CODEWITHSUNDEEP
machine-learningregressionclassificationlogistic-regressionfeature-scaling
Anirban Chakraborty
Anirban Chakraborty

Reputation: 781

Do features need to be scaled in Logistic Regression?

I have a training set with one feature (credit balance) - numbers varying between 0-20,000. The response is either 0 (Default=No) or 1 (Default=Yes). This was a simulated training set generated using logistic function. For reference it is available here.

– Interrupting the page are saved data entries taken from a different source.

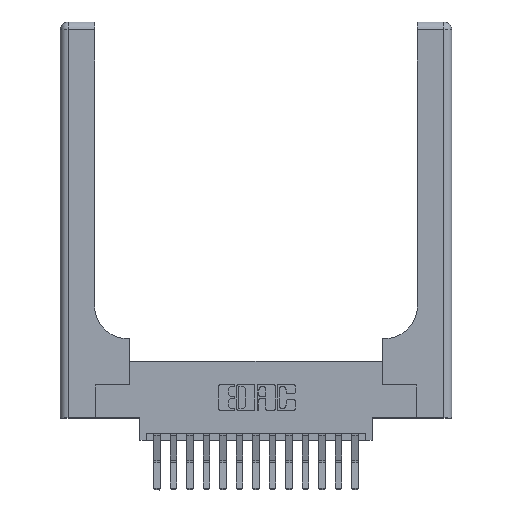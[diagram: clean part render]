
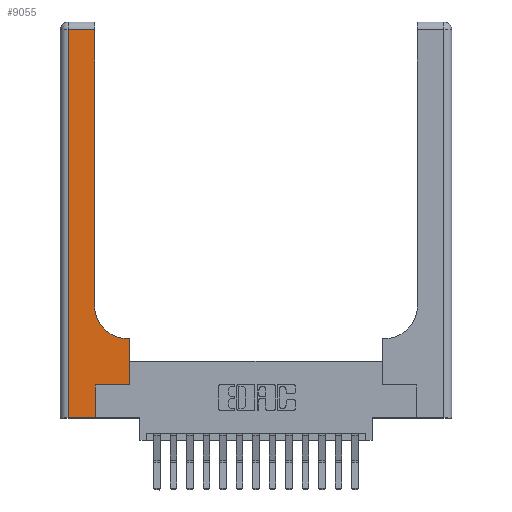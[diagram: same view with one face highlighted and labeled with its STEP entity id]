
A CAD part, top view. The second image highlights one B-rep face of the part: STEP entity #9055.
In plain terms, the highlighted planar face has unit normal (0, 0, 1).
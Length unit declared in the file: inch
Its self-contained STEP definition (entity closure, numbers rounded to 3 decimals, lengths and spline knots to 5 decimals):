
#238 = CARTESIAN_POINT ( 'NONE',  ( 0.26, 2.94, 0.37 ) ) ;
#493 = VERTEX_POINT ( 'NONE', #238 ) ;
#1281 = CARTESIAN_POINT ( 'NONE',  ( 0., 2.94, 0.37 ) ) ;
#1324 = LINE ( 'NONE', #11151, #12298 ) ;
#1393 = DIRECTION ( 'NONE',  ( 0., 1., 0. ) ) ;
#1546 = VERTEX_POINT ( 'NONE', #8046 ) ;
#1867 = DIRECTION ( 'NONE',  ( 0., 0., -1. ) ) ;
#2126 = ORIENTED_EDGE ( 'NONE', *, *, #4202, .T. ) ;
#2317 = DIRECTION ( 'NONE',  ( 0., 1., 0. ) ) ;
#2467 = ORIENTED_EDGE ( 'NONE', *, *, #11244, .T. ) ;
#2517 = EDGE_CURVE ( 'NONE', #14397, #16611, #17109, .T. ) ;
#2580 = LINE ( 'NONE', #11614, #17573 ) ;
#2687 = DIRECTION ( 'NONE',  ( -1., 0., 0. ) ) ;
#3179 = AXIS2_PLACEMENT_3D ( 'NONE', #10087, #1867, #11488 ) ;
#3252 = EDGE_CURVE ( 'NONE', #15579, #1546, #6891, .T. ) ;
#3318 = VECTOR ( 'NONE', #12009, 39.37008 ) ;
#3346 = ORIENTED_EDGE ( 'NONE', *, *, #4010, .T. ) ;
#3398 = DIRECTION ( 'NONE',  ( 1., 0., 0. ) ) ;
#3730 = EDGE_CURVE ( 'NONE', #4686, #10821, #16391, .T. ) ;
#4010 = EDGE_CURVE ( 'NONE', #16611, #493, #6233, .T. ) ;
#4151 = EDGE_LOOP ( 'NONE', ( #3346, #5333, #13049, #4728, #2126, #11823, #5791, #2467, #5872 ) ) ;
#4202 = EDGE_CURVE ( 'NONE', #10821, #14471, #17730, .T. ) ;
#4293 = LINE ( 'NONE', #1281, #14756 ) ;
#4686 = VERTEX_POINT ( 'NONE', #10512 ) ;
#4728 = ORIENTED_EDGE ( 'NONE', *, *, #3730, .T. ) ;
#4951 = CARTESIAN_POINT ( 'NONE',  ( 0.265, 0., 0.37 ) ) ;
#5333 = ORIENTED_EDGE ( 'NONE', *, *, #14948, .T. ) ;
#5791 = ORIENTED_EDGE ( 'NONE', *, *, #3252, .T. ) ;
#5841 = CARTESIAN_POINT ( 'NONE',  ( 0.26, 0.85, 0.37 ) ) ;
#5872 = ORIENTED_EDGE ( 'NONE', *, *, #2517, .T. ) ;
#6233 = LINE ( 'NONE', #6555, #7077 ) ;
#6364 = CARTESIAN_POINT ( 'NONE',  ( 0.51, 0.6, 0.37 ) ) ;
#6555 = CARTESIAN_POINT ( 'NONE',  ( 0.26, 3., 0.37 ) ) ;
#6888 = EDGE_CURVE ( 'NONE', #13647, #4686, #6981, .T. ) ;
#6891 = LINE ( 'NONE', #15912, #14171 ) ;
#6898 = CARTESIAN_POINT ( 'NONE',  ( 0.265, 0., 0.37 ) ) ;
#6981 = LINE ( 'NONE', #7889, #3318 ) ;
#7077 = VECTOR ( 'NONE', #2317, 39.37008 ) ;
#7098 = DIRECTION ( 'NONE',  ( 0., 0., -1. ) ) ;
#7367 = CARTESIAN_POINT ( 'NONE',  ( 0.528, 0.25, 0.37 ) ) ;
#7889 = CARTESIAN_POINT ( 'NONE',  ( 0.06, 3., 0.37 ) ) ;
#8046 = CARTESIAN_POINT ( 'NONE',  ( 0.528, 0.6, 0.37 ) ) ;
#8627 = EDGE_CURVE ( 'NONE', #14471, #15579, #2580, .T. ) ;
#9055 = ADVANCED_FACE ( 'NONE', ( #11181 ), #9781, .F. ) ;
#9781 = PLANE ( 'NONE',  #14162 ) ;
#10087 = CARTESIAN_POINT ( 'NONE',  ( 0.51, 0.85, 0.37 ) ) ;
#10512 = CARTESIAN_POINT ( 'NONE',  ( 0.06, 0., 0.37 ) ) ;
#10821 = VERTEX_POINT ( 'NONE', #4951 ) ;
#11151 = CARTESIAN_POINT ( 'NONE',  ( 0.26, 0.6, 0.37 ) ) ;
#11181 = FACE_OUTER_BOUND ( 'NONE', #4151, .T. ) ;
#11244 = EDGE_CURVE ( 'NONE', #1546, #14397, #1324, .T. ) ;
#11488 = DIRECTION ( 'NONE',  ( 1., 0., 0. ) ) ;
#11614 = CARTESIAN_POINT ( 'NONE',  ( 0.265, 0.25, 0.37 ) ) ;
#11823 = ORIENTED_EDGE ( 'NONE', *, *, #8627, .T. ) ;
#11962 = CARTESIAN_POINT ( 'NONE',  ( 0.265, 0.25, 0.37 ) ) ;
#11988 = CARTESIAN_POINT ( 'NONE',  ( 0., 0., 0.37 ) ) ;
#12009 = DIRECTION ( 'NONE',  ( 0., -1., 0. ) ) ;
#12298 = VECTOR ( 'NONE', #12527, 39.37008 ) ;
#12527 = DIRECTION ( 'NONE',  ( -1., 0., 0. ) ) ;
#12786 = VECTOR ( 'NONE', #14730, 39.37008 ) ;
#13049 = ORIENTED_EDGE ( 'NONE', *, *, #6888, .T. ) ;
#13647 = VERTEX_POINT ( 'NONE', #15907 ) ;
#14162 = AXIS2_PLACEMENT_3D ( 'NONE', #15286, #7098, #16648 ) ;
#14171 = VECTOR ( 'NONE', #17274, 39.37008 ) ;
#14397 = VERTEX_POINT ( 'NONE', #6364 ) ;
#14471 = VERTEX_POINT ( 'NONE', #11962 ) ;
#14557 = VECTOR ( 'NONE', #1393, 39.37008 ) ;
#14730 = DIRECTION ( 'NONE',  ( 1., 0., 0. ) ) ;
#14756 = VECTOR ( 'NONE', #2687, 39.37008 ) ;
#14948 = EDGE_CURVE ( 'NONE', #493, #13647, #4293, .T. ) ;
#15286 = CARTESIAN_POINT ( 'NONE',  ( 0., 3., 0.37 ) ) ;
#15579 = VERTEX_POINT ( 'NONE', #7367 ) ;
#15907 = CARTESIAN_POINT ( 'NONE',  ( 0.06, 2.94, 0.37 ) ) ;
#15912 = CARTESIAN_POINT ( 'NONE',  ( 0.528, 0.25, 0.37 ) ) ;
#16391 = LINE ( 'NONE', #11988, #12786 ) ;
#16611 = VERTEX_POINT ( 'NONE', #5841 ) ;
#16648 = DIRECTION ( 'NONE',  ( -1., 0., 0. ) ) ;
#17109 = CIRCLE ( 'NONE', #3179, 0.25 ) ;
#17274 = DIRECTION ( 'NONE',  ( 0., 1., 0. ) ) ;
#17573 = VECTOR ( 'NONE', #3398, 39.37008 ) ;
#17730 = LINE ( 'NONE', #6898, #14557 ) ;

The following boxplot shows the distribution of the balance for default=yes and default=no classes respectively - enter image description here

The following is the distribution of the data -

enter image description here

Also the dataset is perfectly balanced with 50% data for each response class. So it is a classic case suitable for application of Logistic Regression. However, on applying Logistic regression the score comes out to be 0.5 because only y=1 is being predicted. The following is the way in which Logistic Regression is being applied -

import numpy as np
import pandas as pd
import matplotlib.pyplot as plt
from sklearn.linear_model import LogisticRegression
clf = LogisticRegression().fit(df[['Balance']],df['Default'])
clf.score(df[['Balance']], df['Default'])

This is proof that something must be off with the way Logistic Regression fits this data. When the balance feature is scaled though, the score improves to 87.5%. So does scaling play a factor here?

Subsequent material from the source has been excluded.